Selene Marysol Garcia Luna
Selene researched the evolution of dengue viruses in refractory and susceptible Ae. aegypti from Mexico.

Alex Gendernalik
Alex joined the lab as a research assistant in 2014. He took care of our mosquito colonies and cell cultures, helped with projects, and generally helped keep the lab running. Alex also provided valuable and much-appreciated assistance with insectary duties for experiments being conducted by the Kading and Ebel labs. He has a broad background that combines entomology, field work and engineering. He has been valuable to many of the ongoing studies at AIDL that require an in-depth knowledge of insects, the willingness to work under difficult conditions in the field, and the ability to troubleshoot mechanical problems on the fly. While with the Ebel lab, he published a paper that looked at the ability of local Aedes mosquitoes to transmit Zika virus.

Abhishek (Abhi) Prasad
During his time as a PhD student in the Ebel laboratory, Abhi worked on understanding small RNA mechanisms in mosquitoes in the context of antiviral response to arbovirus infection. Specifically, he focused on profiling products of the small-interfering RNA (siRNA) and PIWI-interacting RNA (piRNA) pathways in response to West Nile virus, Western equine encephalitis virus, and Sindbis virus infection in Culex sp. mosquitoes. Abhi is now a Senior Scientist in Dr. Thomas Geisbert’s laboratory at UTMB, which works on development and testing of vaccines and therapeutics to filoviruses, as well as other highly pathogenic viruses such as Nipah, Crimean-Congo hemorrhagic fever, and Lassa viruses.

Doug E. Brackney
While in the Ebel Laboratory, Doug worked on a number of projects including understanding West Nile virus populations within vector mosquitoes and birds, developing a novel surveillance strategy (xenosurveillance) which harnesses the blood-feeding habits of mosquitoes, and examining the role of autophagy during virus infection of mosquitoes.
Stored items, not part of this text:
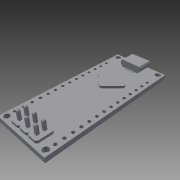
# Autodesk Inventor part: Arduino Nano
Saved by Autodesk Inventor 2015 (Build 190159000, 159)
## iProperties
Created: 2018-12-22
Part Number: Arduino Nano
Material: Типовые
Document SubType Name: Modeling
Designer: kostya
Density: 1 g/cm^3
Appearance: По умолчанию
Author: kostya
Autodesk Inventor part; units mm, degrees
ref_plane "YZ Plane" through (0, 0, 0) normal (1, 0, 0) x (0, 1, 0)
ref_plane "XZ Plane" through (0, 0, 0) normal (0, 1, 0) x (-1, 0, 0)
ref_plane "XY Plane" through (0, 0, 0) normal (0, 0, 1) x (1, 0, 0)
sketch "Эскиз1" plane through (0, 0, 0) normal (0, 0, 1) x (1, 0, 0)
  line L0 (8.9, 21.6) -> (-8.9, 21.6)
  line L1 (-8.9, 21.6) -> (-8.9, -21.6)
  line L2 (-8.9, -21.6) -> (8.9, -21.6)
  line L3 (8.9, -21.6) -> (8.9, 21.6)
  line L4 (8.9, 21.6) -> (-8.9, -21.6) construction
  line L5 (-8.9, 21.6) -> (8.9, -21.6) construction
  line L6 (8.9, 21.6) -> (7.4, 21.6) construction
  line L7 (8.9, 21.6) -> (8.9, 20.1) construction
  line L8 (7.4, 21.6) -> (8.9, 21.6) construction
  line L9 (8.9, 21.6) -> (8.9, 20.1) construction
  line L10 (8.9, 20.1) -> (7.4, 20.1) construction
  line L11 (7.4, 20.1) -> (7.4, 21.6) construction
  circle A0 centre (7.4, 20.1) radius 0.9
  line L12 (-8.9, 0) -> (8.9, 0) construction
  line L13 (0, 21.6) -> (0, -21.6) construction
  line L14 (-8.9, 20.1) -> (-7.4, 20.1) construction
  line L15 (-7.4, 20.1) -> (-7.4, 21.6) construction
  circle A1 centre (-7.4, 20.1) radius 0.9
  line L16 (8.9, -20.1) -> (7.4, -20.1) construction
  line L17 (7.4, -20.1) -> (7.4, -21.6) construction
  circle A2 centre (7.4, -20.1) radius 0.9
  circle A3 centre (-7.4, -20.1) radius 0.9
  line L18 (-8.9, -20.1) -> (-7.4, -20.1) construction
  line L19 (-7.6, 21.6) -> (7.6, 21.6) construction
  line L20 (7.6, 21.6) -> (7.6, -21.6) construction
  line L21 (7.6, -21.6) -> (-7.6, -21.6) construction
  line L22 (-7.6, -21.6) -> (-7.6, 21.6) construction
  line L23 (-7.6, 21.6) -> (7.6, -21.6) construction
  line L24 (7.6, 21.6) -> (-7.6, -21.6) construction
  line L25 (-7.6, -21.6) -> (-7.6, -17.8) construction
  circle A4 centre (-7.6, -17.8) radius 0.5
  circle A5 centre (-7.6, -15.3) radius 0.5
  circle A6 centre (-7.6, -12.8) radius 0.5
  circle A7 centre (-7.6, -10.3) radius 0.5
  circle A8 centre (-7.6, -7.8) radius 0.5
  circle A9 centre (-7.6, -5.3) radius 0.5
  circle A10 centre (-7.6, -2.8) radius 0.5
  circle A11 centre (-7.6, -0.3) radius 0.5
  circle A12 centre (-7.6, 2.2) radius 0.5
  circle A13 centre (-7.6, 4.7) radius 0.5
  circle A14 centre (-7.6, 7.2) radius 0.5
  circle A15 centre (-7.6, 9.7) radius 0.5
  circle A16 centre (-7.6, 12.2) radius 0.5
  circle A17 centre (-7.6, 14.7) radius 0.5
  line L26 (8.9, 0) -> (-8.9, 0) construction
  line L27 (7.6, -21.6) -> (7.6, 21.6) construction
  circle A18 centre (7.6, -17.8) radius 0.5
  circle A19 centre (7.6, -15.3) radius 0.5
  circle A20 centre (7.6, -12.8) radius 0.5
  circle A21 centre (7.6, -10.3) radius 0.5
  circle A22 centre (7.6, -7.8) radius 0.5
  circle A23 centre (7.6, -5.3) radius 0.5
  circle A24 centre (7.6, -2.8) radius 0.5
  circle A25 centre (7.6, -0.3) radius 0.5
  circle A26 centre (7.6, 2.2) radius 0.5
  circle A27 centre (7.6, 4.7) radius 0.5
  circle A28 centre (7.6, 7.2) radius 0.5
  circle A29 centre (7.6, 9.7) radius 0.5
  circle A30 centre (7.6, 12.2) radius 0.5
  circle A31 centre (7.6, 14.7) radius 0.5
  point P0 (0, 0)
  dimension "d0" = 17.8
  dimension "d1" = 43.2
  dimension "d2" = 1.5
  dimension "d3" = 1.5
  dimension "d4" = 1.8
  dimension "d5" = 15.2
  dimension "d6" = 3.8
  dimension "d7" = 1
  dimension "d10" = 2.5
  constraints: 56 end point, 38 symmetric about line, 32 centre point, 29 coincident, 8 midpoint, 6 parallel, 5 point on line, 3 horizontal, 3 perpendicular, 1 vertical, 56 other
  measures "d0" distance of L2.end L1.end
  measures "d1" distance of L1.end L0.end
  measures "d2" distance of L0.start L6.end
  measures "d3" distance of L0.start L7.end
  measures "d4" diameter of A0
  measures "d5" distance of L20.end L21.end
  measures "d6" distance of L21.end L25.end
  measures "d7" diameter of A4
  measures "d10" distance of A4.centre A5.centre
extrude "Выдавливание1" add sketch "Эскиз1" along normal blind 1.6
sketch "Эскиз3" plane through (0, 0, 1.6) normal (0, 0, 1) x (1, 0, 0)
  line L0 (8.9, 21.6) -> (-8.9, 21.6) construction
  line L1 (0, 21.6) -> (0, 19.5679) construction
  line L2 (0, 21.6) -> (-3.95, 21.6) construction
  line L3 (-3.95, 21.6) -> (-3.95, 16.6)
  line L4 (-3.95, 16.6) -> (0, 16.6)
  line L5 (3.95, 21.6) -> (3.95, 16.6)
  line L6 (3.95, 16.6) -> (0, 16.6)
  line L7 (-3.95, 21.6) -> (3.95, 21.6)
  point P0 (0, 0)
  dimension "d17" = 3.95
  dimension "d19" = 5
  constraints: 14 end point, 2 perpendicular, 2 symmetric about line, 2 vertical, 1 midpoint, 1 point on line
  measures "d17" distance of L1.start L2.end
  measures "d19" distance of L2.end L3.end
extrude "Выдавливание2" add sketch "Эскиз3" along normal blind 2.35
sketch "Эскиз4" plane through (-8.9, 21.6, 0) normal (0, 1, 0) x (1, 0, 0)
  line L0 (0, 0) -> (17.8, 0) projected
  line L1 (4.95, -3.95) -> (12.85, -3.95) projected
  line L2 (12.85, -1.6) -> (12.85, -3.95) projected
  line L3 (17.8, 0) -> (0, 0) projected
  line L4 (0, 0) -> (0, -1.6) projected
  line L5 (4.95, -1.6) -> (0, -1.6) projected
  line L6 (4.95, -1.6) -> (4.95, -3.95) projected
  line L7 (12.85, -3.95) -> (4.95, -3.95) projected
  line L8 (12.85, -1.6) -> (12.85, -3.95) projected
  line L9 (17.8, -1.6) -> (12.85, -1.6) projected
  line L10 (17.8, 0) -> (17.8, -1.6) projected
  line L11 (11.6, -1.6) -> (4.95, -1.6)
  line L12 (12.85, -3.95) -> (4.95, -3.95) construction
  line L13 (8.9, -1.6) -> (11.6, -1.6)
  line L14 (0, -1.6) -> (17.8, -1.6) projected
  line L15 (8.9, -3.95) -> (12, -3.95)
  line L16 (11.6, -1.6) -> (11.6, -2.35) construction
  line L17 (11.6, -1.6) -> (12.35, -2.35)
  line L18 (11.6, -1.6) -> (12.6607, -1.6) construction
  line L19 (12.35, -2.35) -> (12.35, -3.45)
  line L20 (12.35, -3.45) -> (12, -3.95)
  line L21 (8.9, -1.6) -> (6.2, -1.6)
  line L22 (8.9, -3.95) -> (5.8, -3.95)
  line L23 (6.2, -1.6) -> (5.45, -2.35)
  line L24 (5.45, -2.35) -> (5.45, -3.45)
  line L25 (5.45, -3.45) -> (5.8, -3.95)
  line L26 (11.6, -1.6) -> (12.85, -1.6) construction
  line L27 (12.85, -3.95) -> (12, -3.95) construction
  line L28 (12.85, -3.95) -> (12.85, -1.6) construction
  line L29 (4.95, -1.6) -> (4.95, -3.95) construction
  line L30 (4.95, -3.95) -> (5.8, -3.95) construction
  line L31 (12.15, -3.387) -> (12.15, -2.4328)
  line L32 (12.15, -2.4328) -> (11.5172, -1.8)
  line L33 (11.5172, -1.8) -> (8.9, -1.8)
  line L34 (8.9, -1.8) -> (6.2828, -1.8)
  line L35 (6.2828, -1.8) -> (5.65, -2.4328)
  line L36 (5.65, -2.4328) -> (5.65, -3.387)
  line L37 (5.65, -3.387) -> (5.9041, -3.75)
  line L38 (5.9041, -3.75) -> (8.9, -3.75)
  line L39 (8.9, -3.75) -> (11.8959, -3.75)
  line L40 (11.8959, -3.75) -> (12.15, -3.387)
  line L41 (8.9, -1.6) -> (8.9, -3.12) construction
  line L42 (8.9, -3.12) -> (8.9, -2.82) construction
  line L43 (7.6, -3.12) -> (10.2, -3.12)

He is currently an Assistant Scientist at the Connecticut Agricultural Experiment Station. His research looks at the cellular and molecular mechanisms mediating virus–vector interactions and how these influence virus evolution. His team seeks to better characterize the interactions between the virus, vector, and host in hopes of improving existing control measures and developing novel interventions in order to reduce the disease burden associated with arthropod-borne pathogens.

Nathan Grubaugh
Nate was a PhD student in the Ebel lab from 2012-2016 studying West Nile virus evolution, specifically how different avian hosts and mosquito vectors impacted virus genetic diversity. For this, he helped to develop laboratory methods to collect virus populations during different phases of the transmission cycle and implemented population genetics tools to analyze how the viruses changed. Following his PhD from CSU, Nate went on to do a postdoc at the Scripps Research Institute in La Jolla, CA using genomic epidemiology to investigate the recent Zika epidemic. He is now an Assistant Professor at the Yale School of Public Health where his lab uses experimental approaches from his Ebel lab days and epidemiological approaches from his postdoc to study how mosquito- and tick-borne viruses, like Zika, West Nile, dengue, and Powassan, emerge into new areas, cause disease, and adapt to novel environments.

Ivy K Brown
Ivy had the honor of being the first student to join the Ebel lab at the University of New Mexico in 2007. She worked there for three years studying WNV quasispecies structure within mosquitoes using a variety of molecular techniques and maintaining the insectary. This training was invaluable to Ivy’s development as a scientist, as the experience set the stage for a lucrative career in which she has worn many hats in several different biomedical research fields. After completion of her studies at UNM she went on to obtain her master’s degree in molecular biology at the University of Brussels in Belgium. Her latest role has brought her to back to Colorado and into the service of the Ebel lab once more as their VWR Life Science Specialist, where she is always on the lookout for the latest and greatest technologies and reagents that might help further advance the lab’s science.